I probably bought the owners of all these toy stores a brand new BMW with all the money we have spent on toys for my son. Don't get me wrong, I love to see the joy on my sons face when we get him an affordable kid toy. I bet if I had a dollar back from every toy we bought him, we could buy a new car ourselves. One thing I do give my wife credit for is saving a bundle of money through on-line shopping and on-line coupons. I honestly don't know where she finds all the deals that she digs up. One of the better places we get coupons for is the childrens place. The childrens place printable coupon offer some pretty good money saving coupons that are only offered on-line. A lot of stores offer printable coupons that you can not get but on-line. Especially on larger priced items. The coupons are not only limited to toys but also for food and clothing. I just wish she could find some coupons for gas the way prices are now. But I will stick with the affordable kid toys.    

Friday, March 2, 2012

DiGeorge Syndrome In Children

DiGeorge syndrome in children is uncommon and is the effect an abnormality of chromosome 22, resulting in a absence of certain genes.  DiGeorge syndrome can be found by using a checklist of certain different signs and symptoms.  DiGeorge syndrome (also named congenital thymic hypoplasia, or third and fourth pharyngeal pouch syndrome) is a  birth defect  that can be effected by an  abnormal chromosome  and can affect the baby's immune system.
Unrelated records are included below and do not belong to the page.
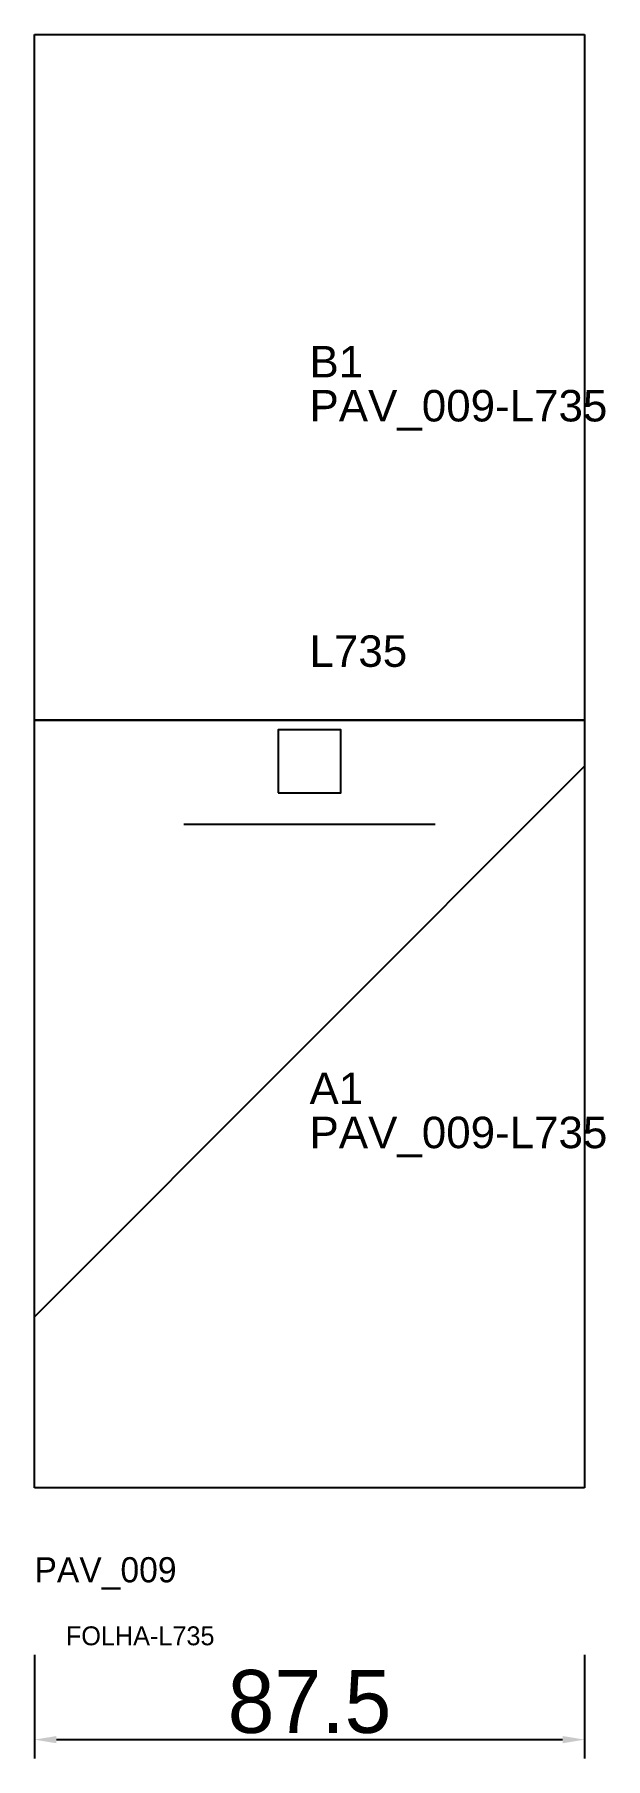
# Model space of a CAD drawing. Header units: metres. Extents: x 222 to 313, y -72 to 202.
import ezdxf

# ---------------------------------------------------------------- set-up
doc = ezdxf.new("R2010")
doc.units = ezdxf.units.M
for name, color, linetype in [('3', 3, 'CONTINUOUS'), ('AUX00', 7, 'CONTINUOUS'), ('COTA', 241, 'CONTINUOUS'), ('FOLHA', 255, 'CONTINUOUS'), ('Hachura', 251, 'CONTINUOUS'), ('NOMENCLATURA', 7, 'CONTINUOUS'), ('Nível', 160, 'CONTINUOUS'), ('Painéis', 200, 'CONTINUOUS'), ('Pilares', 5, 'CONTINUOUS'), ('SARR_2.2x7', 40, 'CONTINUOUS')]:
    doc.layers.add(name, color=color, linetype=linetype)
doc.styles.add('ARIAL', font='Arial.ttf')
doc.styles.add('STR_STANDARD', font='arial.ttf')
doc.dimstyles.new('EZ DXF', dxfattribs={"dimtxt": 10, "dimasz": 3.5, "dimexe": 3, "dimexo": 1.5, "dimgap": 1, "dimtad": 1, "dimdec": 1, "dimdsep": 46, "dimcen": 2.5, "dimazin": 3, "dimtfac": 1, "dimtmove": 0, "dimatfit": 3})

msp = doc.modelspace()

# ---------------------------------------------------------------- hatches: boundary and pattern name
at = {"layer": 'Hachura'}
h = msp.add_hatch(dxfattribs=at)
h.set_pattern_fill('ANSI31', scale=50)
h.paths.add_polyline_path([(222.2, -29.5), (222.2, 201.5), (309.7, 201.5), (309.7, -29.5)])
h = msp.add_hatch(dxfattribs=at)
h.set_pattern_fill('ANSI31', scale=50)
h.paths.add_polyline_path([(222.2, -29.5), (222.2, 201.5), (309.7, 201.5), (309.7, -29.5)])

# ---------------------------------------------------------------- linework, layer by layer
at = {"layer": '3'}
msp.add_lwpolyline([(222.2, 92.5), (309.7, 92.5)], close=True, dxfattribs=at)
msp.add_lwpolyline([(222.2, 92.5), (309.7, 92.5)], close=True, dxfattribs=at)
at = {"layer": 'Painéis', "color": 200}
for p, q in [((222.2, -29.5), (222.2, 201.5)), ((222.2, 201.5), (309.7, 201.5)), ((222.2, -29.5), (222.2, 201.5)), ((222.2, 201.5), (309.7, 201.5)), ((309.7, 201.5), (309.7, -29.5)), ((309.7, 201.5), (309.7, -29.5)), ((309.7, -29.5), (222.2, -29.5)), ((309.7, -29.5), (222.2, -29.5))]:
    msp.add_line(p, q, dxfattribs=at)
at = {"layer": 'Pilares'}
msp.add_lwpolyline([(260.95, 81), (270.95, 81), (270.95, 91), (260.95, 91)], close=True, dxfattribs=at)
msp.add_lwpolyline([(260.95, 81), (270.95, 81), (270.95, 91), (260.95, 91)], close=True, dxfattribs=at)
at = {"layer": 'SARR_2.2x7'}
msp.add_line((245.95, 76), (285.95, 76), dxfattribs=at)
msp.add_line((245.95, 76), (285.95, 76), dxfattribs=at)

# ---------------------------------------------------------------- texts
at = {"layer": '3', "style": 'STR_STANDARD'}
for s, p in [('B1', (265.95, 147)), ('B1', (265.95, 147)), ('A1', (265.95, 31.5)), ('A1', (265.95, 31.5))]:
    msp.add_text(s, height=5, dxfattribs=at).set_placement(p)
at = {"layer": 'AUX00', "style": 'STR_STANDARD'}
for p in [(265.95, 140), (265.95, 140), (265.95, 24.5), (265.95, 24.5)]:
    msp.add_text('PAV_009-L735', height=5, dxfattribs=at).set_placement(p)
at = {"layer": 'FOLHA'}
msp.add_text('FOLHA-L735', height=3, dxfattribs=at).set_placement((227.2, -54.5))
msp.add_text('FOLHA-L735', height=3, dxfattribs=at).set_placement((227.2, -54.5))
at = {"layer": 'NOMENCLATURA', "insert": (265.95, 106), "char_height": 5, "attachment_point": 1, "style": 'ARIAL'}
msp.add_mtext('L735', dxfattribs=at)
msp.add_mtext('L735', dxfattribs=at)
at = {"layer": 'Nível'}
msp.add_text('PAV_009', height=4, dxfattribs=at).set_placement((222.2, -44.5))
msp.add_text('PAV_009', height=4, dxfattribs=at).set_placement((222.2, -44.5))

# ---------------------------------------------------------------- dimensions: what is measured, and where the dimension line sits
at = {"layer": 'COTA'}
msp.add_linear_dim(base=(222.2, -69.5), p1=(222.2, -54.5), p2=(309.7, -54.5), dimstyle='EZ DXF', dxfattribs=at).render()
msp.add_linear_dim(base=(222.2, -69.5), p1=(222.2, -54.5), p2=(309.7, -54.5), dimstyle='EZ DXF', dxfattribs=at).render()

doc.saveas('drawing.dxf')

A child with DGS have a thymus gland that may be underdeveloped or even totally deleted.  Children who are slightly or severely ill at the time the vaccination is scheduled should probably wait until they are better.  Children with DiGeorge syndrome should not be around crowds or other places where they can get infection.

Genetic counseling and testing is a must for a woman with DiGeorge syndrome who becomes pregnant, because the DiGeorge syndrome in children can be detected prior to birth.  Genetic counseling is recommended for parents of children with DiGeorge syndrome because the disorder can be detected prior to birth.  Genetic counseling and testing is recommended for a person with    DiGeorge syndrome who becomes pregnant, because the disorder can be detected before to birth.
In no more than ten percent of cases, a human with VCFS inherits the deletion in chromosome 22 from a parent.  Ninety percent of people with total repair as a baby develop a progressively leaky pulmonary valve as the heart grows to its adult size but the valve does not.  Almost ten percent of children who devolop the features velo-cardio-facial syndrome do not usually have a deletion in the chromosome 22q11.

Immune deficiency of how bad, hypocalcemia (which may lead to seizures) and hypoparathyroidism are some of the leading features of DiGeorge in children, (although not of  Shprintzen syndrome which is characterized more by cleft palate and speech difficulties).  Immune deficiency is usually not the most common anomalies in VCFS, but the problem is usually the hardest to deal with for the effected person and their families.


The disorder in children is usually found  by identifying birth defects characteristic of complete DiGeorge, including heart defects, low levels of calcium, from the result of the missing parathyroid gland, esophageal abnormilities and facial defects such as low-set ears, wide-set eyes and a tiny jaw.  DiGeorge syndrome causes migration defects of  neural crest -derived tissues, particularly affecting development of the third and fourth  Branchial pouches. All of the SCID abnormalities lead to low T cells and many types of SCID are in common with impaired production of T cells. For more info you can check out the mayo-clinic. I also have another post on symptoms.  Keeping your house clean of dirt and mildew helps to stay healthy also.